# head position while squatting



## Dirk McQuickly (Dec 29, 2010)

Mark Rippetoe says to look down, it helps with hip drive. The guy in the elite fts video 'so you think you can squat' says to keep your head up, to keep the bar trapped. They both seem to make sense. Just wondering what people thought.


----------



## Mingster (Mar 25, 2011)

I look at a point slightly above my eyeline during set up and keep my eyes on that point throughout the lift. This gives me a pretty neutral head position tbh, slightly head up if anything.


----------



## RowRow (Nov 17, 2011)

I generally phase out when i squat vision wise. But my head is generally neutral or slightly elevated as Mingster's is.


----------



## Queenie (May 30, 2013)

I get told up look up. I thought it was because your body follows what your head is doing so naturally you'll drive in that direction.


----------



## Fatstuff (Mar 2, 2010)

i just look forward


----------



## anabolik (Aug 19, 2010)

I think the most important thing is to make sure you keep your head in the same position while squatting. The angle itself doesn't make much difference imo.


----------



## Prince Adam (Mar 17, 2012)

I go by the 'imagine your holding a tennis ball under your chin' method


----------



## BigTrev (Mar 16, 2008)

look 30% up from level as it keeps the shoulders back and lets the bar rest further down rather than close to the neck...

It works for me anyway


----------



## Dirk McQuickly (Dec 29, 2010)

looks like 'up' gets the vote!


----------



## rectus (Jan 18, 2012)

Rippertoe does demonstrate that looking at the floor (neutral spine) allows you move more weight.


----------



## powerhousepeter (Dec 4, 2010)

I'd say look up, this also helps you to keep your back tight, shoulder blades together, which really helps your squat


----------



## Prince Adam (Mar 17, 2012)

powerhousepeter said:


> I'd say look up, this also helps you to keep your back tight, shoulder blades together, which really helps your squat


But Rip says this kills hip drive?


----------



## powerhousepeter (Dec 4, 2010)

I don't see how you can keep a tight back with your head down, plus ud feel like your guna fall forward surely


----------



## griffo13 (Dec 7, 2009)

i can understand why people are told to look up.. or look forward or to keep there heads in a natural position.... but when looking down? could this lead to bending the back and effect how some one would hold an arch...


----------



## Tassotti (Feb 27, 2011)

If you look at Rippetoes forum, there are numerous videos of people squatting. As soon as there is any significant weight on the bar, they all do a good morning. Why? Because they are looking down.


----------



## Ser (Aug 10, 2008)

Read op, am answering before reading others answers....

Here goes....

My form on squatting is still a bit rough round the edges since my back injury, i don't look right down, but look between down and eye level(mentally i push away from this point)...i am ALWAYS being screamed at to *at least* look slightly up, as high as possible.....when i look lower(and get shouted at) i feel more comfortable, if a little less stable when going heavy, not sure if thats a mental thing though....now no comp is looming i will investigate and report back *my* findings as i go for 1 rep max mostly so will hopefully be able to see a difference.....will post findings in my journal


----------



## Ser (Aug 10, 2008)

rectus said:


> Rippertoe does demonstrate that looking at the floor (neutral spine) allows you move more weight.

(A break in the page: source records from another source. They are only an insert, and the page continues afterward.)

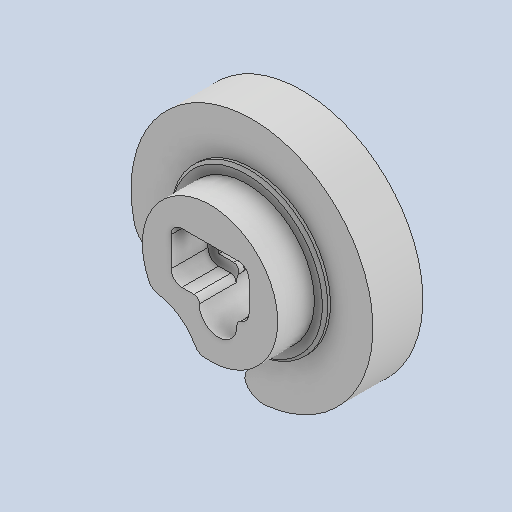
# Autodesk Inventor part: main_wheel_fixator
Saved by Autodesk Inventor 2022 (Build 260153000, 153)
## iProperties
Created: 2024-09-10
Part Number: main_wheel_fixator
Material: Типовые
Document SubType Name: Modeling
Designer: Andrey
Density: 1 g/cm^3
Appearance: По умолчанию
Author: Andrey
Autodesk Inventor part; units mm, degrees
ref_plane "YZ Plane" through (0, 0, 0) normal (1, 0, 0) x (0, 1, 0)
ref_plane "XZ Plane" through (0, 0, 0) normal (0, 1, 0) x (-1, 0, 0)
ref_plane "XY Plane" through (0, 0, 0) normal (0, 0, 1) x (1, 0, 0)
ref_plane "РабПлоскость1" through (-130.0323, -33.3842, -9.2947) normal (0, 0, 1) x (1, 0, 0)
sketch "Эскиз1" plane through (0, 0, 0) normal (0, 0, 1) x (1, 0, 0)
  circle A0 centre (0, 0) radius 22.5
  dimension "d0" = 45
  constraints: 1 centre point, 1 coincident
  measures "d0" diameter of A0
extrude "Выдавливание1" add sketch "Эскиз1" against normal up to surface (9.2947 mm away)
sketch "Эскиз2" plane through (0, 0, 0) normal (0, 0, 1) x (1, 0, 0)
  arc A0 (-12.5314, -17.4431) -> (-12.5619, -14.5867) centre (-11.1467, -16) ccw projected
  circle A1 centre (-11.1467, -16) radius 6.5
  circle A2 centre (-11.1467, -16) radius 9.5
  point P0 (0, 0)
  dimension "d3" = 13
  dimension "d4" = 3
  constraints: 2 centre point, 1 coincident
  measures "d3" diameter of A1
  measures "d4" radial gap between concentric circles of A1 A2
extrude "Выдавливание2" cut sketch "Эскиз2" against normal blind 10 contours A1 | A2
fillet "Сопряжение1" radius 4 2 edges at (-3.9122, -22.1573, -4.6474) (-19.4292, -11.347, -4.6474)
sketch "Эскиз3" plane through (0, 0, 0) normal (0, 0, 1) x (1, 0, 0)
  circle A0 centre (0, 0) radius 12.6
  arc A1 (-21.8671, -5.2989) -> (-15.9551, -7.8067) centre (-17.9796, -4.3569) ccw projected
  arc A2 (-1.795, -17.6717) -> (-15.9551, -7.8067) centre (-11.1467, -16) ccw projected
  arc A3 (-1.795, -17.6717) -> (2.6059, -22.3486) centre (2.1426, -18.3755) ccw projected
  arc A4 (2.6059, -22.3486) -> (-21.8671, -5.2989) centre (0, 0) ccw projected
  line L0 (0, 0) -> (0, -1.1)
  line L1 (5, 3.9) -> (-5, 3.9)
  line L2 (-5, 3.9) -> (-5, -1.1)
  line L3 (-5, -1.1) -> (5, -1.1)
  line L4 (5, -1.1) -> (5, 3.9)
  line L5 (5.25, -1.35) -> (-5.25, -1.35)
  line L6 (-5.25, -1.35) -> (-5.25, 4.15)
  line L7 (-5.25, 4.15) -> (5.25, 4.15)
  line L8 (5.25, 4.15) -> (5.25, -1.35)
  point P0 (-10.7899, -6.5067)
  point P1 (-2.3651, -12.376)
  dimension "d8" = 25.2
  dimension "d35" = 1.1
  dimension "d36" = 10
  dimension "d37" = 5
  dimension "d38" = 0.25
  constraints: 18 end point, 4 parallel, 2 coincident, 2 perpendicular, 1 centre point, 1 horizontal, 1 midpoint, 1 vertical, 3 other
  measures "d8" diameter of A0
  measures "d35" distance of L0.end L0.start
  measures "d36" distance of L3.end L2.end
  measures "d37" distance of L2.end L1.end
  measures "d38" distance between parallel lines of L3 L5
extrude "Выдавливание3" add sketch "Эскиз3" along normal blind 7.8 contours A0 A2 picked at (0.4072, 6.9469)
sketch "Эскиз4" plane through (0, 0, 0) normal (0, 0, 1) x (1, 0, 0)
  arc A0 (-2.3651, -12.376) -> (-10.7899, -6.5067) centre (0, 0) ccw projected
  arc A1 (-1.795, -17.6717) -> (-2.3651, -12.376) centre (-11.1467, -16) ccw projected
  arc A2 (-1.795, -17.6717) -> (2.6059, -22.3486) centre (2.1426, -18.3755) ccw projected
  arc A3 (2.6059, -22.3486) -> (-21.8671, -5.2989) centre (0, 0) ccw projected
  arc A4 (-21.8671, -5.2989) -> (-15.9551, -7.8067) centre (-17.9796, -4.3569) ccw projected
  arc A5 (-10.7899, -6.5067) -> (-15.9551, -7.8067) centre (-11.1467, -16) ccw projected
  circle A6 centre (0, 0) radius 12.6
  circle A7 centre (0, 0) radius 14.6
  point P0 (-1.7671, -14.4927)
  point P1 (-12.9827, -6.6791)
  dimension "d13" = 2
  constraints: 2 centre point, 1 coincident, 1 concentric
  measures "d13" radial gap between concentric circles of A6 A7
extrude "Выдавливание4" add sketch "Эскиз4" along normal blind 1 contours A0 A5 A7 A1
fillet "Сопряжение2" radius 2 4 edges at (-2.3651, -12.376, 4.4) (-1.7671, -14.4927, 0.5) (-10.7899, -6.5067, 4.4) (-12.9827, -6.6791, 0.5)
chamfer "Фаска1" distance 0.5 angle 45 7 edges at (8.3458, 11.9795, 1) (-12.8509, -6.1946, 1) (-11.2228, -6.5003, 1) (-10.3052, -6.5373, 1) (-1.3582, -14.2012, 1) (-2.2091, -12.7799, 1) (-2.5618, -11.932, 1)
sketch "Эскиз5" plane through (0, 0, -9.2947) normal (0, 0, -1) x (-0.8205128, 0.5716281, 0)
  circle A0 centre (-6.9744, -14.6412) radius 1.5
  arc A1 (5.5942, -23.7713) -> (7.8344, -23.1299) centre (6.9744, -24.3588) ccw
  arc A2 (5.5942, -23.7713) -> (5.8702, -23.7046) centre (0, 0) ccw
  spline S0 degree 3 poles (7.0407, -25.2882) (6.986, -25.2268) (6.8766, -25.1041) (6.7176, -24.9155) (6.5628, -24.7236) (6.4128, -24.5278) (6.2678, -24.3283) (6.1284, -24.1248) (6.0175, -23.9518) (5.9319, -23.8114) (5.8908, -23.7402) (5.8702, -23.7046) knots 0 0 0 0 0.125 0.250001 0.375002 0.500002 0.625001 0.75 0.874998 0.937499 1 1 1 1
  arc A3 (7.0407, -25.2882) -> (7.5579, -25.1384) centre (0, 0) ccw
  spline S1 degree 3 poles (7.7014, -23.1745) (7.703, -23.2156) (7.7063, -23.2977) (7.709, -23.4621) (7.7076, -23.6676) (7.6985, -23.9141) (7.6826, -24.1602) (7.6603, -24.4058) (7.632, -24.6508) (7.5984, -24.8952) (7.5714, -25.0573) (7.5579, -25.1384) knots 0 0 0 0 0.062501 0.125002 0.25 0.374999 0.499998 0.624998 0.749999 0.875 1 1 1 1
  arc A4 (7.7014, -23.1745) -> (7.8344, -23.1299) centre (0, 0) ccw
  circle A5 centre (0, -19.5) radius 4.5
  line L0 (-92.3726, 48.2814) -> (-109.8668, 39.9786)
  line L1 (13.2101, -45.7656) -> (-109.8668, 39.9786)
  line L2 (13.2101, -45.7656) -> (14.9372, -26.4783)
  arc A6 (18.1683, -19.9728) -> (14.9372, -26.4783) centre (24.8973, -27.3701) ccw
  arc A7 (18.1683, -19.9728) -> (-19.7633, 18.396) centre (0, 0) ccw
  arc A8 (-26.2813, 17.7001) -> (-19.7633, 18.396) centre (-23.4232, 21.8026) ccw
  line L3 (-26.2813, 17.7001) -> (-36.6493, 24.9232)
  arc A9 (-38.2549, 31.2785) -> (-36.6493, 24.9232) centre (-33.7911, 29.0257) ccw
  arc A10 (-38.2549, 31.2785) -> (-87.3896, 53.5664) centre (-62.359, 43.4437) ccw
  arc A11 (-92.3726, 48.2814) -> (-87.3896, 53.5664) centre (-96.6602, 57.3156) ccw
  circle A12 centre (-4.5825, 16.9412) radius 2.1
  circle A13 centre (10.0321, 14.4) radius 2.1
  circle A14 centre (17.4795, 1.5711) radius 2.1
  circle A15 centre (10.0321, 14.4) radius 3.5
  circle A16 centre (-4.5825, 16.9412) radius 3.5
  circle A17 centre (17.4795, 1.5711) radius 3.5
  circle A18 centre (-52.3269, 57.8437) radius 3.5
  circle A19 centre (-44.8794, 45.0149) radius 3.5
  circle A20 centre (-66.9415, 60.3849) radius 3.5
  circle A21 centre (-63.7005, 38.894) radius 1.5
  circle A22 centre (-3.8031, -2.8349) radius 1.5
  circle A23 centre (-39.8968, 9.209) radius 1.5
  point P0 (0, 0)
  dimension "d20" = 4.2
  dimension "d21" = 4.2
  dimension "d22" = 4.2
  constraints: 3 centre point
  measures "d20" diameter of A12
  measures "d21" diameter of A13
  measures "d22" diameter of A14
extrude "Выдавливание5" cut sketch "Эскиз5" against normal blind 7.5 contours A12 | A13 | A14
sketch "Эскиз6" plane through (0, 0, 7.8) normal (0, 0, 1) x (1, 0, 0)
  circle A0 centre (1.5, -4.5) radius 1.5 projected
  circle A1 centre (1.5, -4.5) radius 1.6
  point P0 (0, 0)
  dimension "d25" = 3.2
  constraints: 1 centre point, 1 coincident
  measures "d25" diameter of A1
extrude "Выдавливание6" cut sketch "Эскиз6" against normal blind 20 contours A0 | A1
sketch "Эскиз7" plane through (0, 0, 7.8) normal (0, 0, 1) x (1, 0, 0)
  circle A0 centre (1.5, -4.5) radius 1.5 projected
  circle A1 centre (1.5, -4.5) radius 3.5
  point P0 (0, 0)
  dimension "d28" = 7
  constraints: 1 centre point, 1 coincident
  measures "d28" diameter of A1
extrude "Выдавливание7" cut sketch "Эскиз7" against normal blind 13 contours A0 | A1
sketch "Эскиз9" plane through (0, 0, 7.8) normal (0, 0, 1) x (1, 0, 0)
  arc A0 (-0.0256, -1.35) -> (3.0256, -1.35) centre (1.5, -4.5) ccw projected
  line L0 (-0.0256, -1.35) -> (-5.25, -1.35) projected
  line L1 (-5.25, -1.35) -> (-5.25, 4.15) projected
  line L2 (-5.25, 4.15) -> (5.25, 4.15) projected
  line L3 (5.25, 4.15) -> (5.25, -1.35) projected
  line L4 (5.25, -1.35) -> (3.0256, -1.35) projected
  arc A1 (-11.3447, -5.4825) -> (-9.8227, -6.5927) centre (-9.544, -4.6122) ccw projected
  arc A2 (-2.7809, -11.4985) -> (-9.8227, -6.5927) centre (-11.1467, -16) ccw projected
  arc A3 (-2.7809, -11.4985) -> (-1.2121, -12.5416) centre (-1.0197, -10.5508) ccw projected
  arc A4 (-1.2121, -12.5416) -> (-11.3447, -5.4825) centre (0, 0) ccw projected
  arc A5 (-3.8784, -3.35) -> (6.8784, -3.35) centre (1.5, -4.5) ccw
  line L5 (-3.8784, -3.35) -> (-7.25, -3.35)
  line L6 (-7.25, -3.35) -> (-7.25, 6.15)
  line L7 (-7.25, 6.15) -> (7.25, 6.15)
  line L8 (7.25, 6.15) -> (7.25, -3.35)
  line L9 (7.25, -3.35) -> (6.8784, -3.35)
  line L10 (7.25, -3.35) -> (-7.25, -3.35)
  point P0 (4.8057, -3.35)
  point P1 (6.8784, -3.35)
  point P2 (-1.8057, -3.35)
  dimension "d39" = 2
  constraints: 12 end point, 2 point on circle, 1 centre point, 1 collinear, 5 other
  measures "d39" distance between parallel lines of L4 L9
extrude "Выдавливание9" cut sketch "Эскиз9" against normal blind 6.85 contours A0 L10 L5 L6 L7 L8 L9 L4 L3 L2 L1 L0
fillet "Сопряжение3" radius 2 4 edges at (7.25, -3.35, 4.375) (-7.25, -3.35, 4.375) (-7.25, 6.15, 4.375) (7.25, 6.15, 4.375)
fillet "Сопряжение4" radius 1 4 edges at (-1.8057, -3.35, 4.375) (4.8057, -3.35, 4.375) (3.0256, -1.35, 0.475) (-0.0256, -1.35, 0.475)
sketch "Эскиз10" plane through (0, 0, 0) normal (0, 0, 1) x (1, 0, 0)
  circle A0 centre (-2.6467, -16) radius 1.5 projected
  circle A1 centre (-19.6467, -16) radius 1.5 projected
  line L0 (55, -39.3) -> (55, -42.3) projected
  line L1 (55, -42.3) -> (47, -42.3) projected
  line L2 (47, -42.3) -> (47, -39.3) projected
  line L3 (47, -39.3) -> (55, -39.3) projected
  line L4 (29, -39.3) -> (29, -42.3) projected
  line L5 (29, -42.3) -> (21, -42.3) projected
  line L6 (21, -42.3) -> (21, -39.3) projected
  line L7 (21, -39.3) -> (29, -39.3) projected
  arc A2 (56, -45.3) -> (59, -42.3) centre (56, -42.3) ccw projected
  line L8 (59, -42.3) -> (59, -31) projected
  arc A3 (60, -30) -> (59, -31) centre (60, -31) ccw projected
  line L9 (117, -30) -> (60, -30) projected
  line L10 (106.6702, -16.2098) -> (117, -30) projected
  arc A4 (105.0053, -7.6609) -> (106.6702, -16.2098) centre (114.6738, -10.2146) ccw projected
  arc A5 (105.0053, -7.6609) -> (46.249, 3.8571) centre (76, 0) ccw projected
  arc A6 (41.2905, -0.5) -> (46.249, 3.8571) centre (41.2905, 4.5) ccw projected
  line L11 (34.7095, -0.5) -> (41.2905, -0.5) projected
  arc A7 (29.751, 3.8571) -> (34.7095, -0.5) centre (34.7095, 4.5) ccw projected
  arc A8 (29.751, 3.8571) -> (-29.0053, -7.6609) centre (0, 0) ccw projected
  arc A9 (-30.6702, -16.2098) -> (-29.0053, -7.6609) centre (-38.6738, -10.2146) ccw projected
  line L12 (-41, -30) -> (-30.6702, -16.2098) projected
  line L13 (16, -30) -> (-41, -30) projected
  arc A10 (17, -31) -> (16, -30) centre (16, -31) ccw projected
  line L14 (17, -31) -> (17, -42.3) projected
  arc A11 (17, -42.3) -> (20, -45.3) centre (20, -42.3) ccw projected
  line L15 (20, -45.3) -> (30.5, -45.3) projected
  line L16 (30.5, -45.3) -> (30.5, -44.1) projected
  arc A12 (31.5, -43.1) -> (30.5, -44.1) centre (31.5, -44.1) ccw projected
  line L17 (31.5, -43.1) -> (44.5, -43.1) projected
  arc A13 (45.5, -44.1) -> (44.5, -43.1) centre (44.5, -44.1) ccw projected
  line L18 (45.5, -44.1) -> (45.5, -45.3) projected
  line L19 (45.5, -45.3) -> (56, -45.3) projected
  circle A14 centre (8.4252, -24) radius 1.5 projected
  circle A15 centre (105.1467, -24) radius 1.5 projected
  circle A16 centre (67.5748, -24) radius 1.5 projected
  circle A17 centre (-29.1467, -24) radius 1.5 projected
  circle A18 centre (38, -15.25) radius 3 projected
  circle A19 centre (74.5, -4.5) radius 1.5 projected
  circle A20 centre (1.5, -4.5) radius 1.5 projected
  circle A21 centre (89.4441, 11.2809) radius 1.5 projected
  circle A22 centre (76, 17.55) radius 1.5 projected
  circle A23 centre (62.5559, 11.2809) radius 1.5 projected
  circle A24 centre (-13.4441, 11.2809) radius 1.5 projected
  circle A25 centre (0, 17.55) radius 1.5 projected
  circle A26 centre (13.4441, 11.2809) radius 1.5 projected
  circle A27 centre (-11.1467, -16) radius 5.6 projected
  circle A28 centre (-2.6467, -16) radius 3
  point P0 (0, 0)
  dimension "d44" = 6
  constraints: 1 centre point, 1 coincident
  measures "d44" diameter of A28
extrude "Выдавливание10" cut sketch "Эскиз10" along normal mid plane 30 contours A0 | A27 A28 | A27 A28 picked at (-5.6085, -16) picked at (-0.1909, -16.3616)
fillet "Сопряжение5" radius 2 2 edges at (-2.1173, -13.0471, -4.3974) (-1.8248, -18.8852, -4.6474)

This is why i am willing to guinae pig looking down...i want power over anything else


----------



## Dirk McQuickly (Dec 29, 2010)

Ser said:


> Read op, am answering before reading others answers....
> 
> Here goes....
> 
> My form on squatting is still a bit rough round the edges since my back injury, i don't look right down, but look between down and eye level(mentally i push away from this point)...i am ALWAYS being screamed at to *at least* look slightly up, as high as possible.....when i look lower(and get shouted at) i feel more comfortable, if a little less stable when going heavy, not sure if thats a mental thing though....now no comp is looming i will investigate and report back *my* findings as i go for 1 rep max mostly so will hopefully be able to see a difference.....will post findings in my journal


It does seem counter intuitive, but rippetoe does say that looking down gives you more power. In one of his videos he demonstrates it.


----------



## Dirk McQuickly (Dec 29, 2010)

Ser said:


> This is why i am willing to guinae pig looking down...i want power over anything else


TBH, I just want to not break form! Like you, I've got a recurring back injury and if my form slips and my lower back comes into play it goes into spasm at the drop of a hat. Currently squatting very light and going up in tiny increments!


----------



## powerhousepeter (Dec 4, 2010)

chilli said:


> It does seem counter intuitive, but rippetoe does say that looking down gives you more power. In one of his videos he demonstrates it.


What does rippetoe know though hay ;-)


----------



## Fatstuff (Mar 2, 2010)

chilli said:


> TBH, I just want to not break form! Like you, I've got a recurring back injury and if my form slips and my lower back comes into play it goes into spasm at the drop of a hat. Currently squatting very light and going up in tiny increments!


I would say if you have got a back injury, you definitely want to look ahead/up and puff your chest out, looking down seems like it will give more chance of rounding your back and causing a problem.


----------



## rectus (Jan 18, 2012)

It's not looking down as such, it's the position that puts the cervical and thoracic spine in its natural position. You're looking ahead, but you can't see yourself in the mirror.

I would say that if you have spine issues then it may be advisable to stay away from the squat (seek professional advice if you haven't already), some guys like Bill DeSimone recommend the leg press over the squat anyway because the spine is like a pyramid in its structure and the analogy he uses is that you wouldn't put a flat table top on the top of a pyramid.


----------



## Fatstuff (Mar 2, 2010)

rectus said:


> It's not looking down as such, it's the position that puts the cervical and thoracic spine in its natural position. You're looking ahead, but you can't see yourself in the mirror.
> 
> I would say that if you have spine issues then it may be advisable to stay away from the squat (seek professional advice if you haven't already), some guys like Bill DeSimone recommend the leg press over the squat anyway because the spine is like a pyramid in its structure and the analogy he uses is that you wouldn't put a flat table top on the top of a pyramid.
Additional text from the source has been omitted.